Ich überlege mir schon die ganze Zeit, was es für Möglichkeiten gibt, die Anwendung "fernzusteuern", und zwar nicht per Laptop mit Remote Software oder so (zu umständlich), sondern z.b. mit irgendeinem Tool auf einem dafür geigneten Handy.

Beispiel: Meine Anwendung schickt mir programmgesteuert ein SMS mit Informationen über ein Ereignis. Ich starte wiederum auf dem Handy das Tool, das sich per Internet dann mit meinem PC verbindet, und über das Tool am Handy kann ich dann Informationen an die Anwendung zuhause schicken (die eventuell per TCPListener auf solche Infos lauscht).

Ich hoffe ich hab mein Problem einigermaßen verständlich geschildert...weiss wer vielleicht wie man das am besten lösen könnte, welche Handys / Technologien da in Frage kommen etc...?


----------



## loetmann (21. April 2005)

Der WDR-ComputerClub hat mal eine Alarmanlage mitnem Handy aufgebaut, und konnte so SMS versenden (Lallus). Ist aber schon ne Weile her und die Sendung gibet nicht mehr.
http://www.wolfgang-back.com/lallus_home.php


Ich würde es mit einer Server-Anwendung machen. Die steuert/ist Dein Programm und senden/empfängt Daten übers www. Wenn Dein Handy dann einen Browser hat kann es Dein Server ansurfen und Aktionen auslösen, oder per e-mail bescheid bekommen wenn irgend was ist (z.B. kann/konnte man bei GMX eine e-mail-Weiterleitung aufs Handy machen, damit hab ich mir mal meine Mails zukommen lassen [uralt Handy]).


----------



## fluessig (10. Mai 2005)

Ich denke auch, dass dir mit einem browserfähigen Handy (zB. Serie 60 Geräte von Nokia) und einem Webserver geholfen wäre (Webapplikation in php, jsp,cgi oder asp oder ...). 

Das andere Problem ist wie die SMS vom Server losgeschickt werden. Eine Möglichkeit wäre dem Rechner eine Handykarte zu verpassen (also, was eigentlich für Notebooks für den PCMCIA Slot gedacht ist. Gibts vielleicht auch schon für USB). Da brauchst dann halt auch noch einen Extravertrag dafür - aber wenn Geld keine Rolle spielen sollte ...

Wenn du absolut mobil sein musst ist das die einzige Alternative die mir grad in den Sinn kommt.
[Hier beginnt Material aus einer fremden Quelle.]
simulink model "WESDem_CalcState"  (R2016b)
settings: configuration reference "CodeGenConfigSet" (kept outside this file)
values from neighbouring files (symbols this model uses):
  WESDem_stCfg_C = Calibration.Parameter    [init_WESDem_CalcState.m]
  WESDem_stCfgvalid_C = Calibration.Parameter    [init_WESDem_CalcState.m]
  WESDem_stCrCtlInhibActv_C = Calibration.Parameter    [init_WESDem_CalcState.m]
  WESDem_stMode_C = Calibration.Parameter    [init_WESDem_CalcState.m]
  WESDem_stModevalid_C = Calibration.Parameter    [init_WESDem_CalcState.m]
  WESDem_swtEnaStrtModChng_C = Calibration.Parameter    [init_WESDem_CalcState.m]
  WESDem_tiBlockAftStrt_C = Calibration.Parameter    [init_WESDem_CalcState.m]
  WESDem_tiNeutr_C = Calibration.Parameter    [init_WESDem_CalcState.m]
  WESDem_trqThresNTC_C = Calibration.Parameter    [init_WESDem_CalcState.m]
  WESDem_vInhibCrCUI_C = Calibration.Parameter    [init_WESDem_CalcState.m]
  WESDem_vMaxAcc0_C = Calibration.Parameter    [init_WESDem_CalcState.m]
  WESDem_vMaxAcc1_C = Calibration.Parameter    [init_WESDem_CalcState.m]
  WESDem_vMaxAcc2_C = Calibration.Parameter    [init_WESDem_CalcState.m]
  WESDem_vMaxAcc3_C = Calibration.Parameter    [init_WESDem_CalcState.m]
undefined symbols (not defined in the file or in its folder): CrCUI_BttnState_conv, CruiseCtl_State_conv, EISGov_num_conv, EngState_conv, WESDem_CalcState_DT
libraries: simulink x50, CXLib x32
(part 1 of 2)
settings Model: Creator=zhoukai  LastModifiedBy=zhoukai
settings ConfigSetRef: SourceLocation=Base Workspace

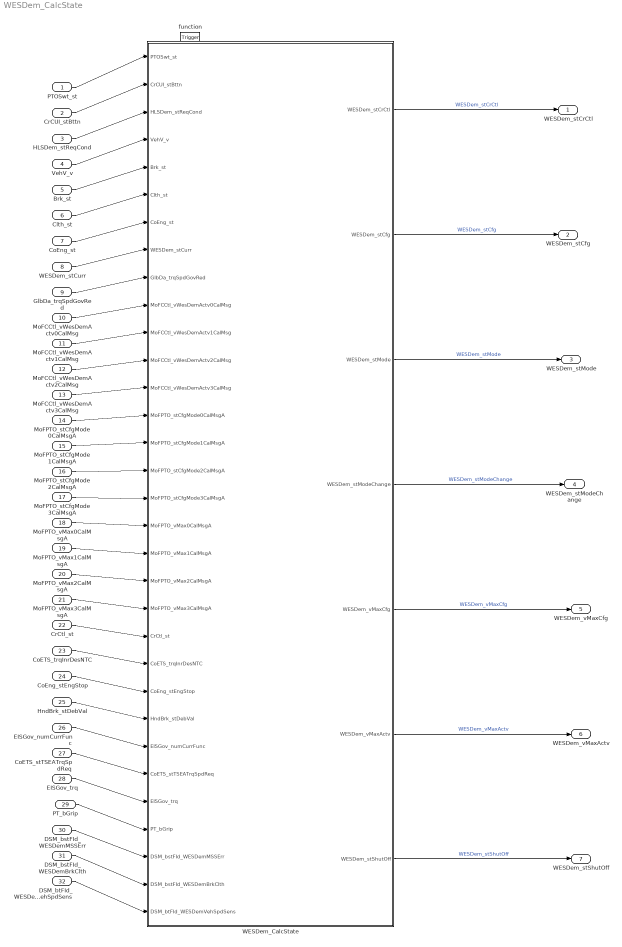
== system WESDem_CalcState ==
  PTOSwt_st : Inport  Description=Power Take-off switch's current state for a specific input voltage  OutMin=0  OutMax=255  OutDataTypeStr=State_uint8
  CrCUI_stBttn : Inport  Description=Application parameter for status button information  Port=2  OutDataTypeStr=Enum: CrCUI_BttnState_conv
  HLSDem_stReqCond : Inport  Description=Status of request for idle speed increase  Port=3  OutMin=0  OutMax=255  OutDataTypeStr=State_uint8
  VehV_v : Inport  Tag=km/h  Description=Vehicle speed  Port=4  OutMin=0  OutMax=250  OutDataTypeStr=VehSpeed_km_h
  Brk_st : Inport  Description=Brake switch state  Port=5  OutMin=0  OutMax=255  OutDataTypeStr=State_uint8
  Clth_st : Inport  Description=Clutch information  Port=6  OutMin=0  OutMax=255  OutDataTypeStr=State_uint8
  CoEng_st : Inport  Description=Engine coordinator state  Port=7  OutDataTypeStr=Enum: EngState_conv
  WESDem_stCurr : Inport  Description=Status of the working engine Speed Control  Port=8  OutDataTypeStr=Enum: WESDem_State_conv
  GlbDa_trqSpdGovRed : Inport  Tag=Nm  Description=Application parameter for negative torque threshold for the engine speed governor to be considered active.  Port=9  OutMin=-3276.8  OutMax=3276.7  OutDataTypeStr=Trq_Nm
  MoFCCtl_vWesDemActv0CalMsg : Inport  Tag=km/h  Description=MoFCCtl_vWesDemActvCalMsg[0]  Port=10  OutMin=0  OutMax=255  OutDataTypeStr=VehSpeed_km_h
  MoFCCtl_vWesDemActv1CalMsg : Inport  Tag=km/h  Description=MoFCCtl_vWesDemActvCalMsg[1]  Port=11  OutMin=0  OutMax=255  OutDataTypeStr=VehSpeed_km_h
  MoFCCtl_vWesDemActv2CalMsg : Inport  Tag=km/h  Description=MoFCCtl_vWesDemActvCalMsg[2]  Port=12  OutMin=0  OutMax=255  OutDataTypeStr=VehSpeed_km_h
  MoFCCtl_vWesDemActv3CalMsg : Inport  Tag=km/h  Description=MoFCCtl_vWesDemActvCalMsg[3]  Port=13  OutMin=0  OutMax=255  OutDataTypeStr=VehSpeed_km_h
  MoFPTO_stCfgMode0CalMsgA : Inport  Description=MoFPTO_stCfgModeCalMsgA[0]  Port=14  OutMin=0  OutMax=65535  OutDataTypeStr=State_uint16
  MoFPTO_stCfgMode1CalMsgA : Inport  Description=MoFPTO_stCfgModeCalMsgA[1]  Port=15  OutMin=0  OutMax=65535  OutDataTypeStr=State_uint16
  MoFPTO_stCfgMode2CalMsgA : Inport  Description=MoFPTO_stCfgModeCalMsgA[2]  Port=16  OutMin=0  OutMax=65535  OutDataTypeStr=State_uint16
  MoFPTO_stCfgMode3CalMsgA : Inport  Description=MoFPTO_stCfgModeCalMsgA[3]  Port=17  OutMin=0  OutMax=65535  OutDataTypeStr=State_uint16
  MoFPTO_vMax0CalMsgA : Inport  Tag=km/h  Description=MoFPTO_vMaxCalMsgA[0]  Port=18  OutMin=0  OutMax=250  OutDataTypeStr=VehSpeed_km_h
  MoFPTO_vMax1CalMsgA : Inport  Tag=km/h  Description=MoFPTO_vMaxCalMsgA[1]  Port=19  OutMin=0  OutMax=250  OutDataTypeStr=VehSpeed_km_h
  MoFPTO_vMax2CalMsgA : Inport  Tag=km/h  Description=MoFPTO_vMaxCalMsgA[2]  Port=20  OutMin=0  OutMax=250  OutDataTypeStr=VehSpeed_km_h
  MoFPTO_vMax3CalMsgA : Inport  Tag=km/h  Description=MoFPTO_vMaxCalMsgA[3]  Port=21  OutMin=0  OutMax=250  OutDataTypeStr=VehSpeed_km_h
  CrCtl_st : Inport  Description=Application parameter for Cruise Control state  Port=22  OutDataTypeStr=Enum: CruiseCtl_State_conv
  CoETS_trqInrDesNTC : Inport  Tag=Nm  Description=Additional desired engine friction Nm  Port=23  OutMin=-3276  OutMax=3276  OutDataTypeStr=Trq_Nm
  CoEng_stEngStop : Inport  Description=Bit coded output message from engine stop function for low idle, egine shut off and crank control  Port=24  OutMin=0  OutMax=255  OutDataTypeStr=State_uint8
  HndBrk_stDebVal : Inport  Description=Debounced value of Hand Brake switch  Port=25  OutMin=0  OutMax=255  OutDataTypeStr=State_uint8
  EISGov_numCurrFunc : Inport  Description=Identification name / number of the currently active EISGov client, which determines the current controller parameters  Port=26  OutDataTypeStr=Enum: EISGov_num_conv
  CoETS_stTSEATrqSpdReq : Inport  Description=Status of information about torque and speed intervention  Port=27  OutMin=0  OutMax=65535  OutDataTypeStr=State_uint16
  EISGov_trq : Inport  Tag=Nm  Description=Resulted output torque of EISGov controller  Port=28  OutMin=-3276.8  OutMax=3276.7  OutDataTypeStr=Trq_Nm
  PT_bGrip : Inport  Description=Grip is for sure present (the converter lockup clutch / the automated or manual clutch is completely closed and PT_bNoGrip = FALSE)  Port=29  OutMin=0  OutMax=1  OutDataTypeStr=boolean
  DSM_bstFId_WESDemMSSErr : Inport  Description=Function Identifier for WESDem reactions in case of multiple state switch error  Port=30  OutMin=0  OutMax=1  OutDataTypeStr=boolean
  DSM_bstFId_WESDemBrkClth : Inport  Description=FId inhibits if brake or clutch is faulty  Port=31  OutMin=0  OutMax=1  OutDataTypeStr=boolean
  DSM_btFId_WESDemVehSpdSens : Inport  Description=Function Identifier for WESDem reactions in case of vehicle speed sensing error  Port=32  OutMin=0  OutMax=1  OutDataTypeStr=boolean
  function : TriggerPort  TriggerType=function-call  VariantControl=Variant
  WESDem_CalcState : Subsystem
  WESDem_stCrCtl : Outport  Description=State control of the working engine speed demand  OutMin=0  OutMax=65535  OutDataTypeStr=State_uint16
  WESDem_stCfg : Outport  Description=Configuration of the actual operating mode  Port=2  OutMin=0  OutMax=65535  OutDataTypeStr=State_uint16
  WESDem_stMode : Outport  Description=Operating mode of the working engine speed demand  Port=3  OutMin=0  OutMax=255  OutDataTypeStr=State_uint8
  WESDem_stModeChange : Outport  Description=Operating mode change of the working engine speed demand  Port=4  OutMin=0  OutMax=255  OutDataTypeStr=State_uint8
  WESDem_vMaxCfg : Outport  Tag=km/h  Description=Maximum speed for activation in the actual operating mode  Port=5  OutMin=0  OutMax=255  OutDataTypeStr=VehSpeed_km_h
  WESDem_vMaxActv : Outport  Tag=km/h  Description=Vehicle speed threshold for activation of the WESDem  Port=6  OutMin=0  OutMax=255  OutDataTypeStr=VehSpeed_km_h
  WESDem_stShutOff : Outport  Description=Shut off conditions for the Working engine speed Demand  Port=7  OutMin=0  OutMax=65535  OutDataTypeStr=State_uint16
  wires:
  PTOSwt_st/1 -> WESDem_CalcState/1(PTOSwt_st)
  CrCUI_stBttn/1 -> WESDem_CalcState/2(CrCUI_stBttn)
  HLSDem_stReqCond/1 -> WESDem_CalcState/3(HLSDem_stReqCond)
  VehV_v/1 -> WESDem_CalcState/4(VehV_v)
  Brk_st/1 -> WESDem_CalcState/5(Brk_st)
  Clth_st/1 -> WESDem_CalcState/6(Clth_st)
  CoEng_st/1 -> WESDem_CalcState/7(CoEng_st)
  WESDem_stCurr/1 -> WESDem_CalcState/8(WESDem_stCurr)
  GlbDa_trqSpdGovRed/1 -> WESDem_CalcState/9(GlbDa_trqSpdGovRed)
  MoFCCtl_vWesDemActv0CalMsg/1 -> WESDem_CalcState/10(MoFCCtl_vWesDemActv0CalMsg)
  MoFCCtl_vWesDemActv1CalMsg/1 -> WESDem_CalcState/11(MoFCCtl_vWesDemActv1CalMsg)
  MoFCCtl_vWesDemActv2CalMsg/1 -> WESDem_CalcState/12(MoFCCtl_vWesDemActv2CalMsg)
  MoFCCtl_vWesDemActv3CalMsg/1 -> WESDem_CalcState/13(MoFCCtl_vWesDemActv3CalMsg)
  MoFPTO_stCfgMode0CalMsgA/1 -> WESDem_CalcState/14(MoFPTO_stCfgMode0CalMsgA)
  MoFPTO_stCfgMode1CalMsgA/1 -> WESDem_CalcState/15(MoFPTO_stCfgMode1CalMsgA)
  MoFPTO_stCfgMode2CalMsgA/1 -> WESDem_CalcState/16(MoFPTO_stCfgMode2CalMsgA)
  MoFPTO_stCfgMode3CalMsgA/1 -> WESDem_CalcState/17(MoFPTO_stCfgMode3CalMsgA)
  MoFPTO_vMax0CalMsgA/1 -> WESDem_CalcState/18(MoFPTO_vMax0CalMsgA)
  MoFPTO_vMax1CalMsgA/1 -> WESDem_CalcState/19(MoFPTO_vMax1CalMsgA)
  MoFPTO_vMax2CalMsgA/1 -> WESDem_CalcState/20(MoFPTO_vMax2CalMsgA)
  MoFPTO_vMax3CalMsgA/1 -> WESDem_CalcState/21(MoFPTO_vMax3CalMsgA)
  CrCtl_st/1 -> WESDem_CalcState/22(CrCtl_st)
  CoETS_trqInrDesNTC/1 -> WESDem_CalcState/23(CoETS_trqInrDesNTC)
  CoEng_stEngStop/1 -> WESDem_CalcState/24(CoEng_stEngStop)
  HndBrk_stDebVal/1 -> WESDem_CalcState/25(HndBrk_stDebVal)
  EISGov_numCurrFunc/1 -> WESDem_CalcState/26(EISGov_numCurrFunc)
  CoETS_stTSEATrqSpdReq/1 -> WESDem_CalcState/27(CoETS_stTSEATrqSpdReq)
  EISGov_trq/1 -> WESDem_CalcState/28(EISGov_trq)
  PT_bGrip/1 -> WESDem_CalcState/29(PT_bGrip)
  WESDem_CalcState/1(WESDem_stCrCtl) -> WESDem_stCrCtl/1  "WESDem_stCrCtl"
  WESDem_CalcState/2(WESDem_stCfg) -> WESDem_stCfg/1  "WESDem_stCfg"
  WESDem_CalcState/3(WESDem_stMode) -> WESDem_stMode/1  "WESDem_stMode"
  WESDem_CalcState/4(WESDem_stModeChange) -> WESDem_stModeChange/1  "WESDem_stModeChange"
  WESDem_CalcState/5(WESDem_vMaxCfg) -> WESDem_vMaxCfg/1  "WESDem_vMaxCfg"
  WESDem_CalcState/6(WESDem_vMaxActv) -> WESDem_vMaxActv/1  "WESDem_vMaxActv"
  WESDem_CalcState/7(WESDem_stShutOff) -> WESDem_stShutOff/1  "WESDem_stShutOff"
  DSM_bstFId_WESDemMSSErr/1 -> WESDem_CalcState/30("DSM_bstFId_WESDemMSSErr ")
  DSM_bstFId_WESDemBrkClth/1 -> WESDem_CalcState/31("DSM_bstFId_WESDemBrkClth ")
  DSM_btFId_WESDemVehSpdSens/1 -> WESDem_CalcState/32("DSM_btFId_WESDemVehSpdSens ")

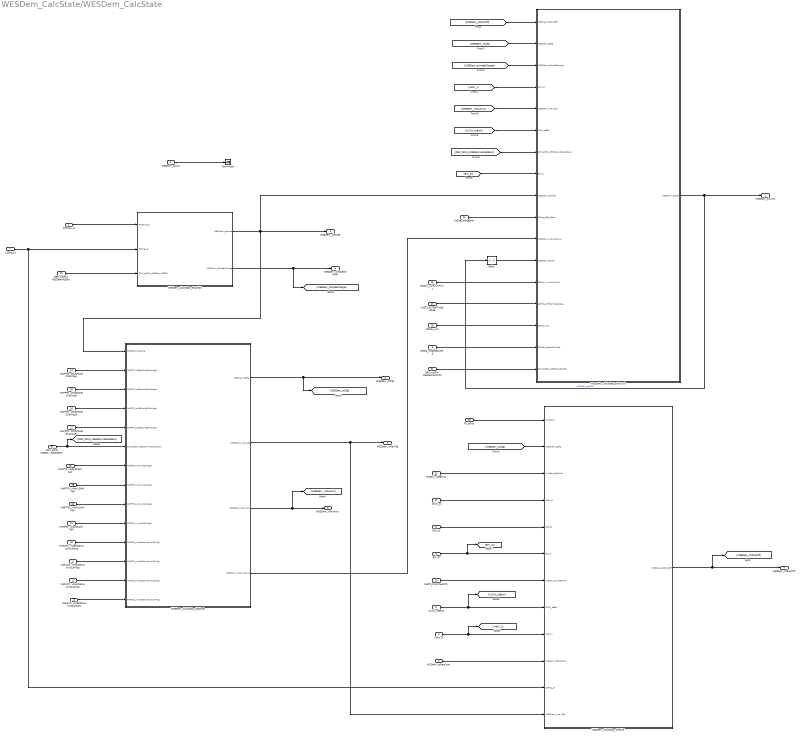
== system WESDem_CalcState/WESDem_CalcState ==
  PTOSwt_st : Inport  Description=Power Take-off switch's current state for a specific input voltage  OutMin=0  OutMax=255  OutDataTypeStr=State_uint8
  CrCUI_stBttn : Inport  Description=Application parameter for status button information  Port=2
  HLSDem_stReqCond : Inport  Description=Status of request for idle speed increase  Port=3  OutMin=0  OutMax=255  OutDataTypeStr=State_uint8
  VehV_v : Inport  Tag=km/h  Description=Vehicle speed  Port=4  OutMin=0  OutMax=250  OutDataTypeStr=VehSpeed_km_h
  Brk_st : Inport  Description=Brake switch state  Port=5  OutMin=0  OutMax=255  OutDataTypeStr=State_uint8
  Clth_st : Inport  Description=Clutch information  Port=6  OutMin=0  OutMax=255  OutDataTypeStr=State_uint8
  CoEng_st : Inport  Description=Engine coordinator state  Port=7  OutDataTypeStr=Enum: EngState_conv
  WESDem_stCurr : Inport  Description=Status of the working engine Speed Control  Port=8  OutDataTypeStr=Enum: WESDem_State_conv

Sollte allerdings ein WLAN Zugang statt dem Handy möglich sein, könntest du das Handy durch einen PDA ersetzen und dort die Webapplikation laufen lassen, vielleicht sogar Remote Software (weiss nicht obs das für PDAs gibt). Wäre günstiger aber nicht so mobil.


----------



## codecat (6. Juni 2005)

Hi!

Die Lösungen, die Du vorschlägst, sind nicht ganz so einfach. Schau einfach mal bei Conrad (http://www.conrad.de) oder bei ELV http://www.elv.de)  vorbei. Dort gibt es eine Telemetriemodul mit dem man Fernüberwachung betreiben kann. Desweiteren gibt es dort Module, mit deren Hilfe man fernsteuern kann...
Grüße
CodeCat


----------